My 07 Altima gets a cute lil vibration in the front of the car when I am driving at around 30 - 35 mph. Anyone else experiencing this in their Altimas or are my tires screwed up?


----------



## UltimateAltima07 (Jun 27, 2007)

I was wondering the same thing....it caused me to worry actually. I got my 2007 Altima 5 days ago, and on the 2nd day, I accidentally stopped short on a red light, and screeched my brakes very loudly. When it turned green, I pressed on the gas pedal and it felt "delayed" to gain speed and then later corrected itself. I did notice a slight humming/vibration which appears louder than prior to this. Then again, maybe it's normal sounds coming from a new car with only 165 miles on it. I have no idea, but too scared to take it to the dealership. My boyfriend knows cars very well, and insists that I'm paranoid and that it's the car's parts lubricating & adjusting themselves because it's so new. 

What do you think? How soon did you notice the vibration? Does it have a slight sound? I'm sure the cars engine shouldn't be completely silent - but how can one know if it's "too much"? I always listen to music loudly...


----------



## 40ozGuzzler (Mar 14, 2007)

There is a slight delay when accelerating from a stop with the 2007 Altima. You probably noticed it after the hard stop but that's normal with the new Altima; the slight delay drives me crazy when I try to floor it to go from one red light to the next.

There is also a clicking sound when driving. It's more pronounced when you're driving at slower speeds as you can hear it better, the mechanic told me it was the ABS performing its checks and what not. 

As far as the vibration goes, mine isn't coming from the engine. My engine is slightly louder since I decided to mess with the intake and opened it up for more air.
I'm thinking the vibration is coming from the wheels, I had to have mine rebalanced from smacking a curb due to the bad drivers in this town.


----------



## UltimateAltima07 (Jun 27, 2007)

I was so anxious from thinking about my new Altima's performance, so I had my dad take a spin around the block to see if he felt or heard any weird things.
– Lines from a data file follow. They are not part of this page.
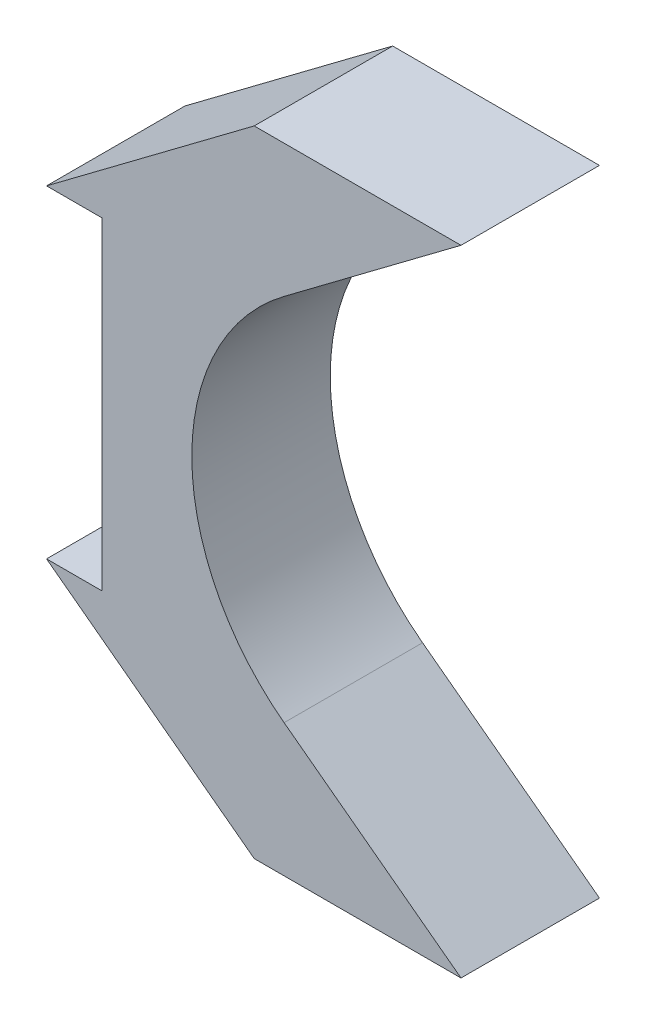
ISO-10303-21;
HEADER;
FILE_DESCRIPTION(('STEP AP214'),'2;1');
FILE_NAME('part.step','',(''),(''),'','','');
FILE_SCHEMA(('AUTOMOTIVE_DESIGN { 1 0 10303 214 1 1 1 1 }'));
ENDSEC;
DATA;
#1=APPLICATION_CONTEXT('core data for automotive mechanical design processes');
#2=APPLICATION_PROTOCOL_DEFINITION('international standard','automotive_design',2000,#1);
#3=PRODUCT_CONTEXT('',#1,'mechanical');
#4=PRODUCT('Part','Part','',(#3));
#5=PRODUCT_RELATED_PRODUCT_CATEGORY('part','',(#4));
#6=PRODUCT_DEFINITION_FORMATION('','',#4);
#7=PRODUCT_DEFINITION_CONTEXT('part definition',#1,'design');
#8=PRODUCT_DEFINITION('design','',#6,#7);
#9=PRODUCT_DEFINITION_SHAPE('','',#8);
#10=(LENGTH_UNIT() NAMED_UNIT(*) SI_UNIT(.MILLI.,.METRE.));
#11=(NAMED_UNIT(*) PLANE_ANGLE_UNIT() SI_UNIT($,.RADIAN.));
#12=(NAMED_UNIT(*) SI_UNIT($,.STERADIAN.) SOLID_ANGLE_UNIT());
#13=UNCERTAINTY_MEASURE_WITH_UNIT(LENGTH_MEASURE(1.E-05),#10,'distance_accuracy_value','');
#14=(GEOMETRIC_REPRESENTATION_CONTEXT(3) GLOBAL_UNCERTAINTY_ASSIGNED_CONTEXT((#13)) GLOBAL_UNIT_ASSIGNED_CONTEXT((#10,
#11,#12)) REPRESENTATION_CONTEXT('',''));
#15=CARTESIAN_POINT('',(0.,0.,0.));
#16=DIRECTION('',(0.,0.,1.));
#17=DIRECTION('',(1.,0.,0.));
#18=AXIS2_PLACEMENT_3D('',#15,#16,#17);
#19=CARTESIAN_POINT('',(16.0000000000196,85.,36.5));
#20=DIRECTION('',(-1.,0.,0.));
#21=DIRECTION('',(0.,-1.,0.));
#22=AXIS2_PLACEMENT_3D('',#19,#20,#21);
#23=CONICAL_SURFACE('',#22,1.24999999999093,1.02974425741328);
#24=CARTESIAN_POINT('',(16.7510757758007,85.0000000000364,36.5));
#25=VERTEX_POINT('',#24);
#26=VERTEX_LOOP('',#25);
#27=FACE_BOUND('',#26,.T.);
#28=CARTESIAN_POINT('',(15.9999999999997,85.,36.5));
#29=DIRECTION('',(1.,0.,0.));
#30=DIRECTION('',(0.,1.,0.));
#31=AXIS2_PLACEMENT_3D('',#28,#29,#30);
#32=CIRCLE('',#31,1.25);
#33=CARTESIAN_POINT('',(15.9999999999997,86.25,36.5));
#34=VERTEX_POINT('',#33);
#35=EDGE_CURVE('E232',#34,#34,#32,.F.);
#36=ORIENTED_EDGE('',*,*,#35,.T.);
#37=EDGE_LOOP('',(#36));
#38=FACE_BOUND('',#37,.T.);
#39=ADVANCED_FACE('F16',(#27,#38),#23,.F.);
#40=CARTESIAN_POINT('',(15.9999999999627,65.0000000000001,36.5));
#41=DIRECTION('',(-1.,0.,0.));
#42=DIRECTION('',(0.,-1.,0.));
#43=AXIS2_PLACEMENT_3D('',#40,#41,#42);
#44=CONICAL_SURFACE('',#43,1.25000000002956,1.02974425746065);
#45=CARTESIAN_POINT('',(16.7510757758009,65.0000000000546,36.4999999999999));
#46=VERTEX_POINT('',#45);
#47=VERTEX_LOOP('',#46);
#48=FACE_BOUND('',#47,.T.);
#49=CARTESIAN_POINT('',(15.9999999999998,65.0000000000001,36.5));
#50=DIRECTION('',(1.,0.,0.));
#51=DIRECTION('',(0.,1.,0.));
#52=AXIS2_PLACEMENT_3D('',#49,#50,#51);
#53=CIRCLE('',#52,1.25);
#54=CARTESIAN_POINT('',(15.9999999999998,66.2500000000001,36.5));
#55=VERTEX_POINT('',#54);
#56=EDGE_CURVE('E199',#55,#55,#53,.F.);
#57=ORIENTED_EDGE('',*,*,#56,.T.);
#58=EDGE_LOOP('',(#57));
#59=FACE_BOUND('',#58,.T.);
#60=ADVANCED_FACE('F334',(#48,#59),#44,.F.);
#61=CARTESIAN_POINT('',(9.99999999999956,85.0000000000001,36.4999999999999));
#62=DIRECTION('',(1.,0.,0.));
#63=DIRECTION('',(0.,1.,0.));
#64=AXIS2_PLACEMENT_3D('',#61,#62,#63);
#65=CYLINDRICAL_SURFACE('',#64,1.25);
#66=ORIENTED_EDGE('',*,*,#35,.F.);
#67=EDGE_LOOP('',(#66));
#68=FACE_BOUND('',#67,.T.);
#69=CARTESIAN_POINT('',(10.2500000002123,85.,36.5));
#70=DIRECTION('',(-1.,0.,0.));
#71=DIRECTION('',(0.,0.,1.));
#72=AXIS2_PLACEMENT_3D('',#69,#70,#71);
#73=CIRCLE('',#72,1.25000000030104);
#74=CARTESIAN_POINT('',(10.2500000002123,85.,37.750000000301));
#75=VERTEX_POINT('',#74);
#76=EDGE_CURVE('E194',#75,#75,#73,.T.);
#77=ORIENTED_EDGE('',*,*,#76,.T.);
#78=EDGE_LOOP('',(#77));
#79=FACE_BOUND('',#78,.T.);
#80=ADVANCED_FACE('F331',(#68,#79),#65,.F.);
#81=CARTESIAN_POINT('',(9.99999999999979,65.0000000000001,36.5));
#82=DIRECTION('',(1.,0.,0.));
#83=DIRECTION('',(0.,1.,0.));
#84=AXIS2_PLACEMENT_3D('',#81,#82,#83);
#85=CYLINDRICAL_SURFACE('',#84,1.25);
#86=ORIENTED_EDGE('',*,*,#56,.F.);
#87=EDGE_LOOP('',(#86));
#88=FACE_BOUND('',#87,.T.);
#89=CARTESIAN_POINT('',(10.2500000002693,65.0000000000001,36.5));
#90=DIRECTION('',(-1.,0.,0.));
#91=DIRECTION('',(0.,0.,1.));
#92=AXIS2_PLACEMENT_3D('',#89,#90,#91);
#93=CIRCLE('',#92,1.2500000002442);
#94=CARTESIAN_POINT('',(10.2500000002693,65.0000000000001,37.7500000002442));
#95=VERTEX_POINT('',#94);
#96=EDGE_CURVE('E142',#95,#95,#93,.T.);
#97=ORIENTED_EDGE('',*,*,#96,.T.);
#98=EDGE_LOOP('',(#97));
#99=FACE_BOUND('',#98,.T.);
#100=ADVANCED_FACE('F328',(#88,#99),#85,.F.);
#101=CARTESIAN_POINT('',(10.0000000000477,85.,36.4999999999999));
#102=DIRECTION('',(-1.,0.,0.));
#103=DIRECTION('',(0.,0.,1.));
#104=AXIS2_PLACEMENT_3D('',#101,#102,#103);
#105=CONICAL_SURFACE('',#104,1.49999999995407,0.785398162374267);
#106=CARTESIAN_POINT('',(9.99999999999068,85.,36.4999999999999));
#107=DIRECTION('',(-1.,0.,0.));
#108=DIRECTION('',(0.,0.,1.));
#109=AXIS2_PLACEMENT_3D('',#106,#107,#108);
#110=CIRCLE('',#109,1.50000000001092);
#111=CARTESIAN_POINT('',(9.99999999999068,85.,38.0000000000108));
#112=VERTEX_POINT('',#111);
#113=EDGE_CURVE('E183',#112,#112,#110,.T.);
#114=ORIENTED_EDGE('',*,*,#113,.T.);
#115=EDGE_LOOP('',(#114));
#116=FACE_BOUND('',#115,.T.);
#117=ORIENTED_EDGE('',*,*,#76,.F.);
#118=EDGE_LOOP('',(#117));
#119=FACE_BOUND('',#118,.T.);
#120=ADVANCED_FACE('F245',(#116,#119),#105,.F.);
#121=CARTESIAN_POINT('',(10.0000000000477,65.,36.5));
#122=DIRECTION('',(-1.,0.,0.));
#123=DIRECTION('',(0.,0.,1.));
#124=AXIS2_PLACEMENT_3D('',#121,#122,#123);
#125=CONICAL_SURFACE('',#124,1.50000000001092,0.785398162487954);
#126=CARTESIAN_POINT('',(10.0000000000477,65.,36.5));
#127=DIRECTION('',(-1.,0.,0.));
#128=DIRECTION('',(0.,0.,1.));
#129=AXIS2_PLACEMENT_3D('',#126,#127,#128);
#130=CIRCLE('',#129,1.50000000001092);
#131=CARTESIAN_POINT('',(10.0000000000477,65.,38.0000000000109));
#132=VERTEX_POINT('',#131);
#133=EDGE_CURVE('E178',#132,#132,#130,.T.);
#134=ORIENTED_EDGE('',*,*,#133,.T.);
#135=EDGE_LOOP('',(#134));
#136=FACE_BOUND('',#135,.T.);
#137=ORIENTED_EDGE('',*,*,#96,.F.);
#138=EDGE_LOOP('',(#137));
#139=FACE_BOUND('',#138,.T.);
#140=ADVANCED_FACE('F322',(#136,#139),#125,.F.);
#141=CARTESIAN_POINT('',(9.99999999999956,67.5000000000003,29.));
#142=DIRECTION('',(0.,0.,1.));
#143=DIRECTION('',(1.,0.,0.));
#144=AXIS2_PLACEMENT_3D('',#141,#142,#143);
#145=PLANE('',#144);
#146=DIRECTION('',(1.,0.,0.));
#147=VECTOR('',#146,1.);
#148=CARTESIAN_POINT('',(55.0000000000003,40.6250000000005,29.));
#149=LINE('',#148,#147);
#150=CARTESIAN_POINT('',(48.907206184868,40.6250000000005,29.));
#151=VERTEX_POINT('',#150);
#152=CARTESIAN_POINT('',(26.4999999999999,40.6250000000005,29.));
#153=VERTEX_POINT('',#152);
#154=EDGE_CURVE('E111',#151,#153,#149,.F.);
#155=ORIENTED_EDGE('',*,*,#154,.T.);
#156=DIRECTION('',(0.800000000000003,-0.599999999999996,0.));
#157=VECTOR('',#156,1.);
#158=CARTESIAN_POINT('',(3.99999999999967,57.5000000000004,29.));
#159=LINE('',#158,#157);
#160=CARTESIAN_POINT('',(3.99999999999967,57.5000000000004,29.));
#161=VERTEX_POINT('',#160);
#162=EDGE_CURVE('E136',#161,#153,#159,.T.);
#163=ORIENTED_EDGE('',*,*,#162,.F.);
#164=DIRECTION('',(1.,0.,0.));
#165=VECTOR('',#164,1.);
#166=CARTESIAN_POINT('',(9.99999999999979,57.5000000000005,29.));
#167=LINE('',#166,#165);
#168=CARTESIAN_POINT('',(9.99999999999979,57.5000000000005,29.));
#169=VERTEX_POINT('',#168);
#170=EDGE_CURVE('E150',#169,#161,#167,.F.);
#171=ORIENTED_EDGE('',*,*,#170,.F.);
#172=DIRECTION('',(0.,1.,0.));
#173=VECTOR('',#172,1.);
#174=CARTESIAN_POINT('',(9.99999999999968,82.5000000000001,29.));
#175=LINE('',#174,#173);
#176=CARTESIAN_POINT('',(9.9999999999999,92.5,29.));
#177=VERTEX_POINT('',#176);
#178=EDGE_CURVE('E164',#169,#177,#175,.T.);
#179=ORIENTED_EDGE('',*,*,#178,.T.);
#180=DIRECTION('',(1.,0.,0.));
#181=VECTOR('',#180,1.);
#182=CARTESIAN_POINT('',(3.99999999999989,92.5000000000001,29.0000000000001));
#183=LINE('',#182,#181);
#184=CARTESIAN_POINT('',(3.99999999999978,92.5000000000001,29.0000000000001));
#185=VERTEX_POINT('',#184);
#186=EDGE_CURVE('E181',#185,#177,#183,.T.);
#187=ORIENTED_EDGE('',*,*,#186,.F.);
#188=DIRECTION('',(-0.800000000000001,-0.599999999999999,0.));
#189=VECTOR('',#188,1.);
#190=CARTESIAN_POINT('',(26.4999999999997,109.375,29.));
#191=LINE('',#190,#189);
#192=CARTESIAN_POINT('',(26.4999999999997,109.375,29.));
#193=VERTEX_POINT('',#192);
#194=EDGE_CURVE('E204',#193,#185,#191,.T.);
#195=ORIENTED_EDGE('',*,*,#194,.F.);
#196=DIRECTION('',(1.,0.,0.));
#197=VECTOR('',#196,1.);
#198=CARTESIAN_POINT('',(32.4999999999998,109.375,29.));
#199=LINE('',#198,#197);
#200=CARTESIAN_POINT('',(48.9072061848684,109.375,29.));
#201=VERTEX_POINT('',#200);
#202=EDGE_CURVE('E218',#193,#201,#199,.T.);
#203=ORIENTED_EDGE('',*,*,#202,.T.);
#204=DIRECTION('',(-0.800000000000001,-0.599999999999999,0.));
#205=VECTOR('',#204,1.);
#206=CARTESIAN_POINT('',(33.7405395182018,98.0000000000002,29.));
#207=LINE('',#206,#205);
#208=CARTESIAN_POINT('',(29.740539518202,95.0000000000003,29.));
#209=VERTEX_POINT('',#208);
#210=EDGE_CURVE('E102',#201,#209,#207,.T.);
#211=ORIENTED_EDGE('',*,*,#210,.T.);
#212=CARTESIAN_POINT('',(44.7405395182019,75.0000000000002,28.9999999999999));
#213=DIRECTION('',(0.,0.,-1.));
#214=DIRECTION('',(-1.,0.,0.));
#215=AXIS2_PLACEMENT_3D('',#212,#213,#214);
#216=CIRCLE('',#215,25.);
#217=CARTESIAN_POINT('',(29.7405395182019,55.0000000000003,29.));
#218=VERTEX_POINT('',#217);
#219=EDGE_CURVE('E19',#209,#218,#216,.F.);
#220=ORIENTED_EDGE('',*,*,#219,.T.);
#221=DIRECTION('',(0.799999999999997,-0.600000000000004,0.));
#222=VECTOR('',#221,1.);
#223=CARTESIAN_POINT('',(99.9999999999999,2.30540463865103,29.));
#224=LINE('',#223,#222);
#225=EDGE_CURVE('E99',#218,#151,#224,.T.);
#226=ORIENTED_EDGE('',*,*,#225,.T.);
#227=EDGE_LOOP('',(#155,#163,#171,#179,#187,#195,#203,#211,#220,#226));
#228=FACE_BOUND('',#227,.T.);
#229=ADVANCED_FACE('F98',(#228),#145,.F.);
#230=CARTESIAN_POINT('',(54.9999999999999,40.6250000000005,23.0999999999998));
#231=DIRECTION('',(0.,1.,0.));
#232=DIRECTION('',(0.,0.,1.));
#233=AXIS2_PLACEMENT_3D('',#230,#231,#232);
#234=PLANE('',#233);
#235=DIRECTION('',(0.,0.,1.));
#236=VECTOR('',#235,1.);
#237=CARTESIAN_POINT('',(26.4999999999999,40.6250000000004,25.));
#238=LINE('',#237,#236);
#239=CARTESIAN_POINT('',(26.5,40.6250000000004,43.9999999999999));
#240=VERTEX_POINT('',#239);
#241=EDGE_CURVE('E131',#153,#240,#238,.T.);
#242=ORIENTED_EDGE('',*,*,#241,.F.);
#243=ORIENTED_EDGE('',*,*,#154,.F.);
#244=DIRECTION('',(0.,0.,1.));
#245=VECTOR('',#244,1.);
#246=CARTESIAN_POINT('',(48.9072061848679,40.6250000000005,49.9999999999999));
#247=LINE('',#246,#245);
#248=CARTESIAN_POINT('',(48.9072061848681,40.6250000000004,44.));
#249=VERTEX_POINT('',#248);
#250=EDGE_CURVE('E105',#151,#249,#247,.T.);
#251=ORIENTED_EDGE('',*,*,#250,.T.);
#252=DIRECTION('',(1.,0.,0.));
#253=VECTOR('',#252,1.);
#254=CARTESIAN_POINT('',(9.99999999999968,40.6250000000004,44.));
#255=LINE('',#254,#253);
#256=EDGE_CURVE('E127',#240,#249,#255,.T.);
#257=ORIENTED_EDGE('',*,*,#256,.F.);
#258=EDGE_LOOP('',(#242,#243,#251,#257));
#259=FACE_BOUND('',#258,.T.);
#260=ADVANCED_FACE('F282',(#259),#234,.F.);
#261=CARTESIAN_POINT('',(100.,2.30540463865103,50.));
#262=DIRECTION('',(-0.600000000000004,-0.799999999999997,0.));
#263=DIRECTION('',(0.799999999999997,-0.600000000000004,0.));
#264=AXIS2_PLACEMENT_3D('',#261,#262,#263);
#265=PLANE('',#264);
#266=ORIENTED_EDGE('',*,*,#250,.F.);
#267=ORIENTED_EDGE('',*,*,#225,.F.);
#268=DIRECTION('',(0.,0.,-1.));
#269=VECTOR('',#268,1.);
#270=CARTESIAN_POINT('',(29.7405395182019,55.0000000000003,49.9999999999999));
#271=LINE('',#270,#269);
#272=CARTESIAN_POINT('',(29.7405395182017,55.0000000000003,43.9999999999999));
#273=VERTEX_POINT('',#272);
#274=EDGE_CURVE('E104',#218,#273,#271,.F.);
#275=ORIENTED_EDGE('',*,*,#274,.T.);
#276=DIRECTION('',(-0.799999999999999,0.600000000000002,0.));
#277=VECTOR('',#276,1.);
#278=CARTESIAN_POINT('',(48.9072061848681,40.6250000000005,44.));
#279=LINE('',#278,#277);
#280=EDGE_CURVE('E130',#249,#273,#279,.T.);
#281=ORIENTED_EDGE('',*,*,#280,.F.);
#282=EDGE_LOOP('',(#266,#267,#275,#281));
#283=FACE_BOUND('',#282,.T.);
#284=ADVANCED_FACE('F108',(#283),#265,.F.);
#285=CARTESIAN_POINT('',(44.7405395182019,75.0000000000002,50.));
#286=DIRECTION('',(0.,0.,-1.));
#287=DIRECTION('',(-1.,0.,0.));
#288=AXIS2_PLACEMENT_3D('',#285,#286,#287);
#289=CYLINDRICAL_SURFACE('',#288,25.);
#290=ORIENTED_EDGE('',*,*,#274,.F.);
#291=ORIENTED_EDGE('',*,*,#219,.F.);
#292=DIRECTION('',(0.,0.,1.));
#293=VECTOR('',#292,1.);
#294=CARTESIAN_POINT('',(29.740539518202,95.0000000000003,49.9999999999999));
#295=LINE('',#294,#293);
#296=CARTESIAN_POINT('',(29.7405395182018,95.0000000000004,43.9999999999999));
#297=VERTEX_POINT('',#296);
#298=EDGE_CURVE('E117',#209,#297,#295,.T.);
#299=ORIENTED_EDGE('',*,*,#298,.T.);
#300=CARTESIAN_POINT('',(44.7405395182019,75.0000000000002,43.9999999999999));
#301=DIRECTION('',(0.,0.,-1.));
#302=DIRECTION('',(-1.,0.,0.));
#303=AXIS2_PLACEMENT_3D('',#300,#301,#302);
#304=CIRCLE('',#303,25.);
#305=EDGE_CURVE('E115',#273,#297,#304,.T.);
#306=ORIENTED_EDGE('',*,*,#305,.F.);
#307=EDGE_LOOP('',(#290,#291,#299,#306));
#308=FACE_BOUND('',#307,.T.);
#309=ADVANCED_FACE('F113',(#308),#289,.F.);
#310=CARTESIAN_POINT('',(33.7405395182019,98.0000000000003,50.));
#311=DIRECTION('',(-0.599999999999999,0.800000000000001,0.));
#312=DIRECTION('',(-0.800000000000001,-0.599999999999999,0.));
#313=AXIS2_PLACEMENT_3D('',#310,#311,#312);
#314=PLANE('',#313);
#315=DIRECTION('',(0.,0.,-1.));
#316=VECTOR('',#315,1.);
#317=CARTESIAN_POINT('',(48.9072061848683,109.375,23.1));
#318=LINE('',#317,#316);
#319=CARTESIAN_POINT('',(48.9072061848684,109.375,43.9999999999999));
#320=VERTEX_POINT('',#319);
#321=EDGE_CURVE('E222',#201,#320,#318,.F.);
#322=ORIENTED_EDGE('',*,*,#321,.T.);
#323=DIRECTION('',(0.800000000000004,0.599999999999995,0.));
#324=VECTOR('',#323,1.);
#325=CARTESIAN_POINT('',(29.7405395182018,95.0000000000004,43.9999999999999));
#326=LINE('',#325,#324);
#327=EDGE_CURVE('E240',#297,#320,#326,.T.);
#328=ORIENTED_EDGE('',*,*,#327,.F.);
#329=ORIENTED_EDGE('',*,*,#298,.F.);
#330=ORIENTED_EDGE('',*,*,#210,.F.);
#331=EDGE_LOOP('',(#322,#328,#329,#330));
#332=FACE_BOUND('',#331,.T.);
#333=ADVANCED_FACE('F298',(#332),#314,.F.);
#334=CARTESIAN_POINT('',(32.4999999999996,109.375,23.1000000000001));
#335=DIRECTION('',(0.,-1.,0.));
#336=DIRECTION('',(0.,0.,-1.));
#337=AXIS2_PLACEMENT_3D('',#334,#335,#336);
#338=PLANE('',#337);
#339=DIRECTION('',(0.,0.,1.));
#340=VECTOR('',#339,1.);
#341=CARTESIAN_POINT('',(26.4999999999999,109.375,25.));
#342=LINE('',#341,#340);
#343=CARTESIAN_POINT('',(26.4999999999999,109.375,44.));
#344=VERTEX_POINT('',#343);
#345=EDGE_CURVE('E208',#344,#193,#342,.F.);
#346=ORIENTED_EDGE('',*,*,#345,.F.);
#347=DIRECTION('',(1.,0.,0.));
#348=VECTOR('',#347,1.);
#349=CARTESIAN_POINT('',(9.99999999999979,109.375,44.));
#350=LINE('',#349,#348);
#351=EDGE_CURVE('E213',#320,#344,#350,.F.);
#352=ORIENTED_EDGE('',*,*,#351,.F.);
#353=ORIENTED_EDGE('',*,*,#321,.F.);
#354=ORIENTED_EDGE('',*,*,#202,.F.);
#355=EDGE_LOOP('',(#346,#352,#353,#354));
#356=FACE_BOUND('',#355,.T.);
#357=ADVANCED_FACE('F300',(#356),#338,.F.);
#358=CARTESIAN_POINT('',(26.4999999999999,109.375,25.));
#359=DIRECTION('',(-0.599999999999999,0.800000000000001,0.));
#360=DIRECTION('',(-0.800000000000001,-0.599999999999999,0.));
#361=AXIS2_PLACEMENT_3D('',#358,#359,#360);
#362=PLANE('',#361);
#363=ORIENTED_EDGE('',*,*,#194,.T.);
#364=DIRECTION('',(0.,0.,1.));
#365=VECTOR('',#364,1.);
#366=CARTESIAN_POINT('',(3.99999999999967,92.5000000000001,25.));
#367=LINE('',#366,#365);
#368=CARTESIAN_POINT('',(3.99999999999956,92.5,44.));
#369=VERTEX_POINT('',#368);
#370=EDGE_CURVE('E184',#369,#185,#367,.F.);
#371=ORIENTED_EDGE('',*,*,#370,.F.);
#372=DIRECTION('',(-0.8,-0.6,0.));
#373=VECTOR('',#372,1.);
#374=CARTESIAN_POINT('',(26.4999999999999,109.375,44.));
#375=LINE('',#374,#373);
#376=EDGE_CURVE('E189',#344,#369,#375,.T.);
#377=ORIENTED_EDGE('',*,*,#376,.F.);
#378=ORIENTED_EDGE('',*,*,#345,.T.);
#379=EDGE_LOOP('',(#363,#371,#377,#378));
#380=FACE_BOUND('',#379,.T.);
#381=ADVANCED_FACE('F261',(#380),#362,.T.);
#382=CARTESIAN_POINT('',(3.99999999999967,92.5000000000001,25.));
#383=DIRECTION('',(0.,-1.,0.));
#384=DIRECTION('',(1.,0.,0.));
#385=AXIS2_PLACEMENT_3D('',#382,#383,#384);
#386=PLANE('',#385);
#387=ORIENTED_EDGE('',*,*,#186,.T.);
#388=DIRECTION('',(0.,0.,1.));
#389=VECTOR('',#388,1.);
#390=CARTESIAN_POINT('',(9.9999999999999,92.5,50.));
#391=LINE('',#390,#389);
#392=CARTESIAN_POINT('',(9.99999999999968,92.5000000000001,44.));
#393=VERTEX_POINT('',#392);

I got the "ok" from him shortly after his joyride. I guess I am being an overprotective new owner... my dad says it's the CVT.......I think it means that the car relies completely on electrical capabilities to handle the transmision, which is a brand new feature unlike past models. I'm still learning....I just try to keep it kosher for the next 1000 miles until it breaks in. 

What did your mechanic say about the tires? Why did you open your engine for more air? What purpose does it serve? 

Jamie


----------



## JeepCanuck (Jul 5, 2007)

Hello,

I have a question - do you folks have the eCVT transmission in your Altimas?

I happen to be having a similar vibration with my new Jeep Patriot, which also has an eCVT made by JATCO. JATCO was the automatic transmission company spun off by Nissan.

I get a little thumping vibration at about the same speeds you are mentioning. Could this be a CVT thing?


----------



## 40ozGuzzler (Mar 14, 2007)

I didn't even know Jeep has the CVT stuff. That's awesome, I'm thinking about trading in my Altima for a Sahara right now.

Anyways, both our Altimas have CVT. The 2.5S comes standard with the CVT transmission. It very well could be that the CVTs have that funny thump to it when coasting on 30-35 MPH.


----------



## JeepCanuck (Jul 5, 2007)

Well folks, I've solved the mystery on my Jeep and it's not the CVT. I've since tracked it down to one of the wheels. Put on the spare and the noise disappears. 

I had already suspected that it was wheel balance. I had my dealer check it out. They rotated the tires (and also claimed to have checked the wheel balance - not sure about that) and the noise got worse. When I noticed this I suspected that the problem moved with the wheel, and as it was now worse I suspected the front wheels now had the problem. Swapping in the spare confirmed it: front wheel driver side.

Without the problem wheel, the Jeep is smooth as silk so no vibration (CVT, wheel, or otherwise). Now I still don't know if the problem is wheel balance, the tire, or the rims. Another trip to the dealer is in order.

Good luck!


----------